Metal/nanowire contacts, quantum confinement, and their roles in the generation of new, gigantic actions in nanowire transistors.

A distinctly new route for the design, modeling and electrical behavior of very short-channel (5-10 nm in channel length) nanowire field-effect transistors (FETs) has been presented. Essential elements of the approach entail a drain current determined by thermionic emission, but not by carrier mobility in the channel of the transistor. A basic understanding of the fundamental physics and the concepts of Schottky-barrier-based design for the proposed route have been described. Quantum confinement in the nanowire channel together with Schottky barrier tailing and temperature-dependent fluctuations of applied biases has been taken into account for the development of the model. Both current-voltage characteristics and transconductance of FETs have been studied. The calculated results are in near-quantitative agreement with the available experiments. Measured data show very diverse (e.g., exponential, linear, saturating, and non-linear non-exponential non-saturating) nanowire transistor characteristics. The model explains these characteristics well and reveals a number of new transistor actions. It highlights the impacts of quantum confinement and Schottky contacts for these new transistor actions.

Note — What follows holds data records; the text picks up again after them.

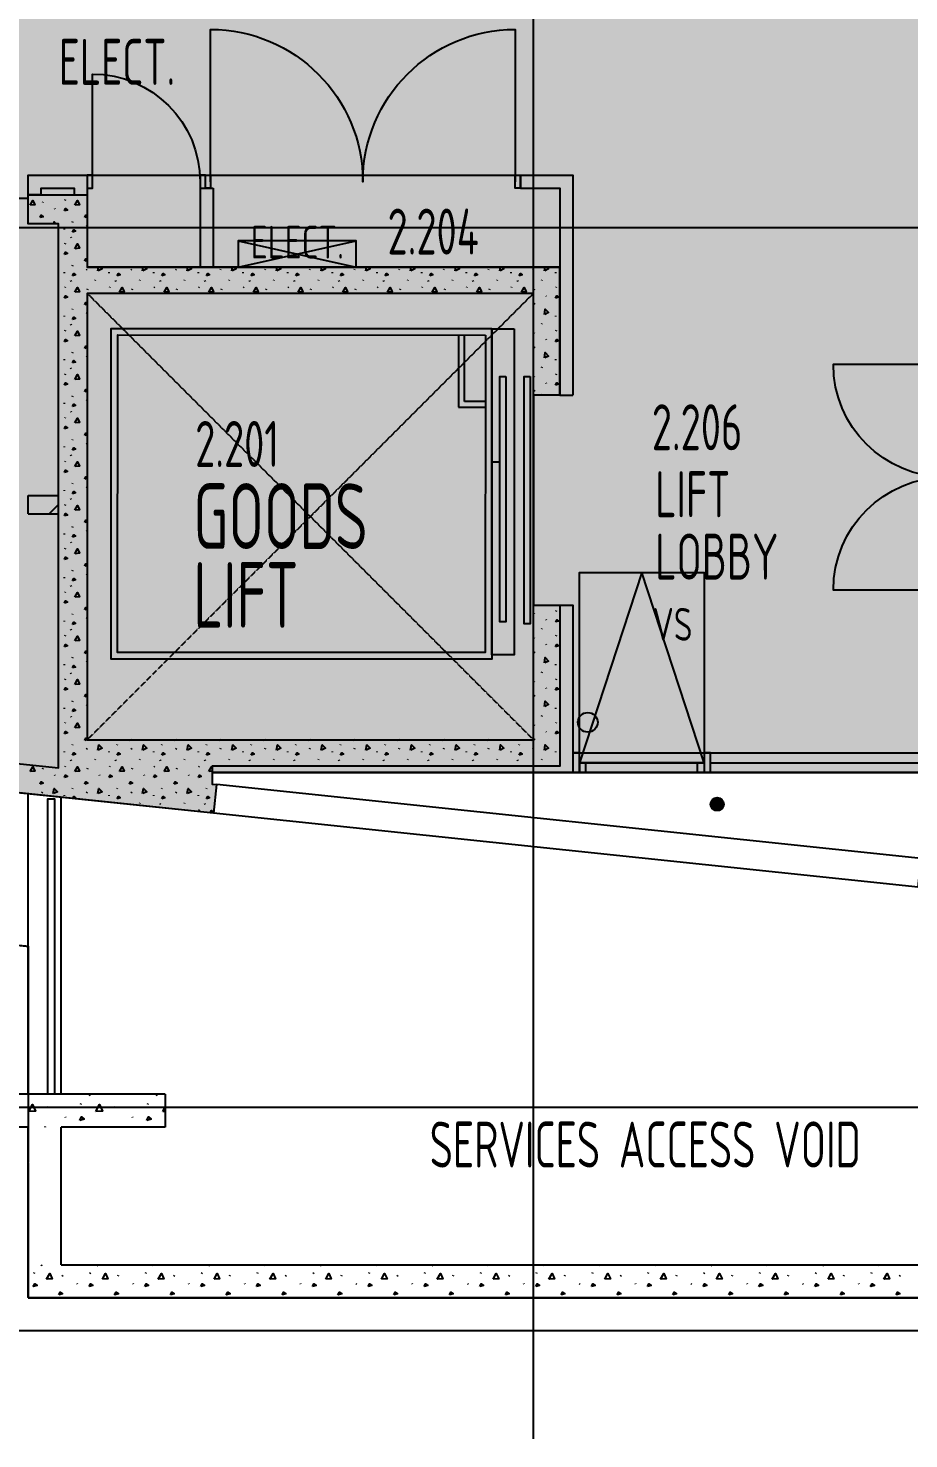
# Model space of a CAD drawing. Header units: millimetres. Extents: x -45258 to 103756, y -3540 to 105026.
# Drawn here: x 9123 to 15833, y -2981 to 7762 of the extents above; entities that cross this region are included whole.
import ezdxf
from ezdxf.enums import TextEntityAlignment as Align

# ---------------------------------------------------------------- set-up
doc = ezdxf.new("R2010")
doc.units = ezdxf.units.MM
doc.header["$LTSCALE"] = 0.4
for name, pattern in [('BLD-80-FL-2$0$CENTER', [50.8, 31.75, -6.35, 6.35, -6.35]), ('BLD-80-FL-2$0$DASHED2', [9.525, 6.35, -3.175]), ('BLD-80-FL-2$0$DASHEDX2', [38.1, 25.4, -12.7])]:
    doc.linetypes.add(name, pattern=pattern)
for name, color, linetype in [('BLD-80-FL-2$0$DO-EXST-6CO', 6, 'Continuous'), ('BLD-80-FL-2$0$FL-EXST-8CO', 8, 'Continuous'), ('BLD-80-FL-2$0$HY-FITT-8CO-EXST', 8, 'Continuous'), ('BLD-80-FL-2$0$SR-METL-8CO-EXST', 8, 'Continuous'), ('BLD-80-FL-2$0$ST-GRID-9CE', 9, 'BLD-80-FL-2$0$CENTER'), ('BLD-80-FL-2$0$TX-EXST-6CO', 6, 'Continuous'), ('BLD-80-FL-2$0$WA-HTCH-8CO-EXST', 8, 'Continuous'), ('BLD-80-FL-2$0$WA-MASN-3CO-EXST', 3, 'Continuous'), ('BLD-80-FL-2$0$WA-MASN-6CO-EXST', 6, 'Continuous'), ('BLD-80-FL-2$0$WA-MASN-6DA2-EXST', 6, 'BLD-80-FL-2$0$DASHEDX2'), ('BLD-80-FL-2$0$WA-PART-6C0-EXST', 6, 'Continuous'), ('BLD-80-FL-2$0$WN-EXST-8CO', 8, 'Continuous'), ('XREF', 8, 'Continuous')]:
    doc.layers.add(name, color=color, linetype=linetype)
doc.layers.add('BLD-80-FL-2$0$SI-BUIL-253CO', color=253, linetype='Continuous', lineweight=25)
doc.styles.add('BLD-80-FL-2$0$ISO3098B', font='isocp2.shx', dxfattribs={"width": 0.8})

# ---------------------------------------------------------------- blocks, each defined once
blk = doc.blocks.new('BLD-80-FL-2', base_point=(226.58, 457.44))
at = {"layer": 'BLD-80-FL-2$0$SI-BUIL-253CO'}
h = blk.add_hatch(color=256, dxfattribs=at)
h.dxf.hatch_style = 1
h.paths.add_polyline_path([(33930.98, 4350.99), (36240.99, 4350.99), (36240.99, 199.98), (33930.98, 199.98)], flags=16)
h.paths.add_polyline_path([(38800, 6450.02), (41466.66, 6450.02), (41466.66, 3400.02), (38800, 3400.02)], flags=16)
h.paths.add_polyline_path([(36350, 2900.02), (39550, 2900.02), (39550, 200.02), (36350, 200.02)], flags=16)
h.paths.add_polyline_path([(41566.66, 6450.02), (44233.32, 6450.02), (44233.32, 3400.02), (41566.66, 3400.02)], flags=16)
h.paths.add_polyline_path([(38700, 6950.02), (38700, 3000.02), (36349.99, 3000.02), (36349.99, 6950.02), (29849.99, 6950.01), (29849.99, 8700.01), (27292.54, 8700.01), (27292.54, 8818.01), (28771.29, 18568.34), (29466.85, 23152.04), (16621.8, 25100.52), (16625.04, 25122.94), (16625.04, 27379.99), (12299.98, 27379.99), (12299.98, 27100), (13799.98, 27100), (13799.98, 25086.47), (219.98, 23282.48), (219.98, 19520), (3199.98, 19520), (3199.98, 17500), (199.98, 17500), (199.98, 17220), (1349.98, 17220), (1349.98, 16017.89), (739.79, 15927.75), (772.65, 15705.27), (-1172.02, 15418.02), (-327.38, 9699.99), (849.99, 9699.99), (849.99, 9474.99), (4649.78, 9474.99), (4649.78, 6950), (3600, 6950), (3600, 2989.93), (10761.85, 2240.02), (10784.76, 2458.82), (10752.61, 2462.19), (10752.61, 2550.02), (16300, 2550), (16300.02, 1881.32), (16155.36, 1896.47), (16132.45, 1677.66), (19500, 1325.05), (19500.01, 149.98), (18899.98, 147.57), (18900, -130.02), (47099.98, -129.97), (47099.98, 150.03), (46250, 150.03), (46250, 2900.03), (46999.99, 2900.03), (46999.99, 3399.98), (44333.26, 3399.98), (44333.26, 6450.02), (47099.99, 6450.02), (47099.99, 6950.02)])
at = {"layer": 'BLD-80-FL-2$0$DO-EXST-6CO'}
for points in [[(10740, 7050.05), (10740, 8210.05, -0.41421356), (11900, 7050.05, -0.41421356), (13060, 8210.05), (13060, 7050.05)], [(9840, 7050.01), (9839.96, 7870.01), (9839.96, 7870.01, -0.41421356), (10659.99, 7050.05)], [(16345, 3939.88), (15485, 3939.88, -0.41421356), (16345, 4799.88, -0.41421356), (15484.99, 5659.88), (16344.99, 5659.88)]]:
    blk.add_lwpolyline(points, format="xyb", dxfattribs=at)
for points in [[(9800, 7000.01), (9840, 7000.01), (9839.99, 7100.01), (9799.99, 7100.01)], [(10660, 7000.05), (10700, 7000.05), (10699.99, 7100.05), (10659.99, 7100.04)], [(10700, 7100.05), (10740, 7100.05), (10740, 7000.05), (10700, 7000.05)], [(13060.02, 7100.04), (13100.02, 7100.04), (13100.02, 7000.04), (13060.02, 7000.04)]]:
    blk.add_lwpolyline(points, close=True, dxfattribs=at)
at = {"layer": 'BLD-80-FL-2$0$FL-EXST-8CO'}
for p, q in [((9793.21, 7100), (13100.02, 7100.01)), ((8349.89, 6924.9), (9355.28, 6924.9)), ((10949.99, 6600.02), (11849.99, 6400.02)), ((10949.99, 6400.02), (11849.99, 6600.02)), ((13199.99, 5425.02), (13200, 3825.02)), ((9350, 100), (9350, 2387.85)), ((16155.36, 1896.47), (10786.23, 2458.67)), ((9600, 100), (9600, 2361.67)), ((16132.45, 1677.66), (10761.85, 2240.02))]:
    blk.add_line(p, q, dxfattribs=at)
at = {"layer": 'BLD-80-FL-2$0$FL-EXST-8CO', "linetype": 'BLD-80-FL-2$0$DASHED2'}
for p, q in [((9799.99, 6200), (13200, 2800)), ((13199.99, 6200), (9800, 2800))]:
    blk.add_line(p, q, dxfattribs=at)
at = {"layer": 'BLD-80-FL-2$0$FL-EXST-8CO'}
blk.add_lwpolyline([(10949.99, 6400.02), (11849.99, 6400.02), (11849.99, 6600.02), (10949.99, 6600.02)], close=True, dxfattribs=at)
at = {"layer": 'BLD-80-FL-2$0$HY-FITT-8CO-EXST'}
for p, q in [((14549.95, 2309.99), (14649.83, 2309.99)), ((14552.25, 2294.99), (14647.38, 2294.99)), ((14552.27, 2324.99), (14647.51, 2324.99)), ((14559.91, 2339.99), (14639.73, 2339.99)), ((14560.02, 2279.99), (14639.66, 2279.99)), ((14578.09, 2354.99), (14621.36, 2354.99)), ((14578.38, 2264.99), (14621.34, 2264.99))]:
    blk.add_line(p, q, dxfattribs=at)
for centre, radius in [((13614.19, 2932.84), 75), ((14599.83, 2309.99), 50)]:
    blk.add_circle(centre, radius, dxfattribs=at)
at = {"layer": 'BLD-80-FL-2$0$SI-BUIL-253CO', "flags": 128}
blk.add_lwpolyline([(47099.98, -129.97), (18900, -130.02), (18899.98, 147.57), (19500.01, 149.98), (19500, 1325.05), (16132.45, 1677.66), (16155.36, 1896.47), (16300.02, 1881.32), (16300, 2550), (10752.61, 2550.02), (10752.61, 2462.19), (10784.76, 2458.82), (10761.85, 2240.02), (3600, 2989.93), (3600, 6950), (4649.78, 6950), (4649.78, 9474.99), (849.99, 9474.99), (849.99, 9699.99), (-327.38, 9699.99)], dxfattribs=at)
at = {"layer": 'BLD-80-FL-2$0$SR-METL-8CO-EXST'}
blk.add_lwpolyline([(9550, 100), (9500, 100), (9500, 2350), (9550, 2350)], close=True, dxfattribs=at)
at = {"layer": 'BLD-80-FL-2$0$ST-GRID-9CE'}
for p, q in [((13200, -2523.99), (13199.98, 31749.99)), ((84082.76, 6700), (-5320.19, 6700)), ((84082.76, 0), (-5320.19, 0))]:
    blk.add_line(p, q, dxfattribs=at)
at = {"layer": 'BLD-80-FL-2$0$WA-HTCH-8CO-EXST'}
for p, q in [((9462.06, 6891.35), (9464.9, 6897.74)), ((9630.42, 6907.69), (9633.27, 6914.08)), ((9550.86, 6845.88), (9553.7, 6841.62)), ((9799.99, 6782.51), (9781.18, 6776.63)), ((9623.85, 6693.06), (9624.57, 6686.67)), ((9687.27, 6740.03), (9690.11, 6746.42)), ((9795.25, 6710.9), (9798.09, 6717.3)), ((9630.42, 6575.83), (9633.27, 6582.23)), ((9672.34, 6628.5), (9675.19, 6624.23)), ((9675.19, 6626.88), (9678.03, 6622.61)), ((9799.99, 6450.65), (9781.18, 6444.78)), ((9623.85, 6361.21), (9624.57, 6354.81)), ((9687.27, 6408.18), (9690.11, 6414.57)), ((9795.25, 6379.05), (9798.09, 6385.44)), ((9881.68, 6371.7), (9885.61, 6400.02)), ((9964.15, 6361.21), (9964.87, 6354.81)), ((10135.55, 6379.05), (10138.39, 6385.44)), ((10221.98, 6371.7), (10225.91, 6400.02)), ((10304.45, 6361.21), (10305.17, 6354.81)), ((10475.85, 6379.05), (10478.69, 6385.44)), ((10562.28, 6371.7), (10566.21, 6400.02)), ((10644.75, 6361.21), (10645.47, 6354.81)), ((10816.15, 6379.05), (10818.99, 6385.44)), ((10902.58, 6371.7), (10906.51, 6400.02)), ((10985.05, 6361.21), (10985.77, 6354.81)), ((11156.45, 6379.05), (11159.29, 6385.44)), ((11242.88, 6371.7), (11246.81, 6400.02)), ((11325.35, 6361.21), (11326.07, 6354.81)), ((11496.75, 6379.05), (11499.59, 6385.44)), ((11583.18, 6371.7), (11587.11, 6400.02)), ((11665.65, 6361.21), (11666.37, 6354.81)), ((11837.05, 6379.05), (11839.89, 6385.44)), ((11923.48, 6371.7), (11927.41, 6400.02)), ((12005.95, 6361.21), (12006.67, 6354.81)), ((12177.35, 6379.05), (12180.19, 6385.44)), ((12263.78, 6371.7), (12267.71, 6400.02)), ((12346.25, 6361.21), (12346.97, 6354.81)), ((12517.65, 6379.05), (12520.49, 6385.44)), ((12604.08, 6371.7), (12608.01, 6400.02)), ((12686.55, 6361.21), (12687.27, 6354.81)), ((12857.95, 6379.05), (12860.79, 6385.44)), ((12944.38, 6371.7), (12948.31, 6400.02)), ((13026.85, 6361.21), (13027.57, 6354.81)), ((13198.25, 6379.05), (13201.09, 6385.44)), ((13284.68, 6371.7), (13288.61, 6400.02)), ((13367.15, 6361.21), (13367.87, 6354.81)), ((9630.42, 6243.98), (9633.27, 6250.38)), ((9672.34, 6296.64), (9675.19, 6292.38)), ((9675.19, 6295.02), (9678.03, 6290.76)), ((9802.36, 6227.64), (9805.2, 6234.04)), ((9859.9, 6296.64), (9862.74, 6303.04)), ((9970.72, 6243.98), (9973.57, 6250.38)), ((10012.64, 6296.64), (10015.49, 6292.38)), ((10015.49, 6295.02), (10018.33, 6290.76)), ((10142.66, 6227.64), (10145.5, 6234.04)), ((10200.2, 6296.64), (10203.04, 6303.04)), ((10311.02, 6243.98), (10313.87, 6250.38)), ((10352.94, 6296.64), (10355.79, 6292.38)), ((10355.79, 6295.02), (10358.63, 6290.76)), ((10482.96, 6227.64), (10485.8, 6234.04)), ((10540.5, 6296.64), (10543.34, 6303.04)), ((10651.32, 6243.98), (10654.17, 6250.38)), ((10693.24, 6296.64), (10696.09, 6292.38)), ((10696.09, 6295.02), (10698.93, 6290.76)), ((10823.26, 6227.64), (10826.1, 6234.04)), ((10880.8, 6296.64), (10883.64, 6303.04)), ((10991.62, 6243.98), (10994.47, 6250.38)), ((11033.54, 6296.64), (11036.39, 6292.38)), ((11036.39, 6295.02), (11039.23, 6290.76)), ((11163.56, 6227.64), (11166.4, 6234.04)), ((11221.1, 6296.64), (11223.94, 6303.04)), ((11331.92, 6243.98), (11334.77, 6250.38)), ((11373.84, 6296.64), (11376.69, 6292.38)), ((11376.69, 6295.02), (11379.53, 6290.76)), ((11503.86, 6227.64), (11506.7, 6234.04)), ((11561.4, 6296.64), (11564.24, 6303.04)), ((11672.22, 6243.98), (11675.07, 6250.38)), ((11714.14, 6296.64), (11716.99, 6292.38)), ((11716.99, 6295.02), (11719.83, 6290.76)), ((11844.16, 6227.64), (11847, 6234.04)), ((11901.7, 6296.64), (11904.54, 6303.04)), ((12012.52, 6243.98), (12015.37, 6250.38)), ((12054.44, 6296.64), (12057.29, 6292.38)), ((12057.29, 6295.02), (12060.13, 6290.76)), ((12184.46, 6227.64), (12187.3, 6234.04)), ((12242, 6296.64), (12244.84, 6303.04)), ((12352.82, 6243.98), (12355.67, 6250.38)), ((12394.74, 6296.64), (12397.59, 6292.38)), ((12397.59, 6295.02), (12400.43, 6290.76)), ((12524.76, 6227.64), (12527.6, 6234.04)), ((12582.3, 6296.64), (12585.14, 6303.04)), ((12693.12, 6243.98), (12695.97, 6250.38)), ((12735.04, 6296.64), (12737.89, 6292.38)), ((12737.89, 6295.02), (12740.73, 6290.76)), ((12865.06, 6227.64), (12867.9, 6234.04)), ((12922.6, 6296.64), (12925.44, 6303.04)), ((13033.42, 6243.98), (13036.27, 6250.38)), ((13075.34, 6296.64), (13078.19, 6292.38)), ((13078.19, 6295.02), (13081.03, 6290.76)), ((13205.36, 6227.64), (13208.2, 6234.04)), ((13262.9, 6296.64), (13265.74, 6303.04)), ((13373.72, 6243.98), (13376.57, 6250.38)), ((13294.16, 6182.18), (13297, 6177.91)), ((9623.85, 6029.35), (9624.57, 6022.96)), ((9687.27, 6076.33), (9690.11, 6082.72)), ((9799.99, 6118.8), (9781.18, 6112.92)), ((9795.25, 6047.2), (9798.09, 6053.59)), ((13199.99, 6051.12), (13201.09, 6053.59)), ((13367.15, 6029.35), (13367.87, 6022.96)), ((9630.42, 5912.13), (9633.27, 5918.52)), ((9672.34, 5964.79), (9675.19, 5960.53)), ((9675.19, 5963.17), (9678.03, 5958.91)), ((13262.9, 5964.79), (13265.74, 5971.19)), ((13373.72, 5912.13), (13376.57, 5918.52)), ((13205.36, 5895.79), (13208.2, 5902.19)), ((13294.16, 5850.33), (13297, 5846.06)), ((9623.85, 5697.5), (9624.57, 5691.11)), ((9687.27, 5744.47), (9690.11, 5750.87)), ((9799.99, 5786.95), (9781.18, 5781.07)), ((9795.25, 5715.35), (9798.09, 5721.74)), ((13199.99, 5719.26), (13201.09, 5721.74)), ((13367.15, 5697.5), (13367.87, 5691.11)), ((9630.42, 5580.28), (9633.27, 5586.67)), ((9672.34, 5632.94), (9675.19, 5628.68)), ((9675.19, 5631.32), (9678.03, 5627.06)), ((13262.9, 5632.94), (13265.74, 5639.33)), ((13373.72, 5580.28), (13376.57, 5586.67)), ((13205.36, 5563.94), (13208.2, 5570.33)), ((13294.16, 5518.47), (13297, 5514.21)), ((9687.27, 5412.62), (9690.11, 5419.02)), ((9799.99, 5455.1), (9781.18, 5449.22)), ((9795.25, 5383.49), (9798.09, 5389.89)), ((13262.9, 5426.09), (13265.74, 5432.48)), ((9623.85, 5365.65), (9624.57, 5359.26)), ((9672.34, 5301.09), (9675.19, 5296.82)), ((9675.19, 5299.47), (9678.03, 5295.2)), ((9630.42, 5248.43), (9633.27, 5254.82)), ((9687.27, 5080.77), (9690.11, 5087.16)), ((9799.99, 5123.25), (9781.18, 5117.37)), ((9795.25, 5051.64), (9798.09, 5058.04)), ((9623.85, 5033.8), (9624.57, 5027.41)), ((9672.34, 4969.24), (9675.19, 4964.97)), ((9675.19, 4967.62), (9678.03, 4963.35)), ((9630.42, 4916.57), (9633.27, 4922.97)), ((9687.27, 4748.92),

It also quantifies the significant enhancement of the drain-source current and transconductance. With new findings thus achieved, suggestions for the realization of very high-performance, small-diameter (preferably 2 nm), small-Schottky-barrier-height, high-operating temperature, ultra-short-channel-length, nanowire transistors have been made. Optimized design of these transistors has been suggested. And the range (in terms of device and technological parameters) of the proposed model has been elucidated.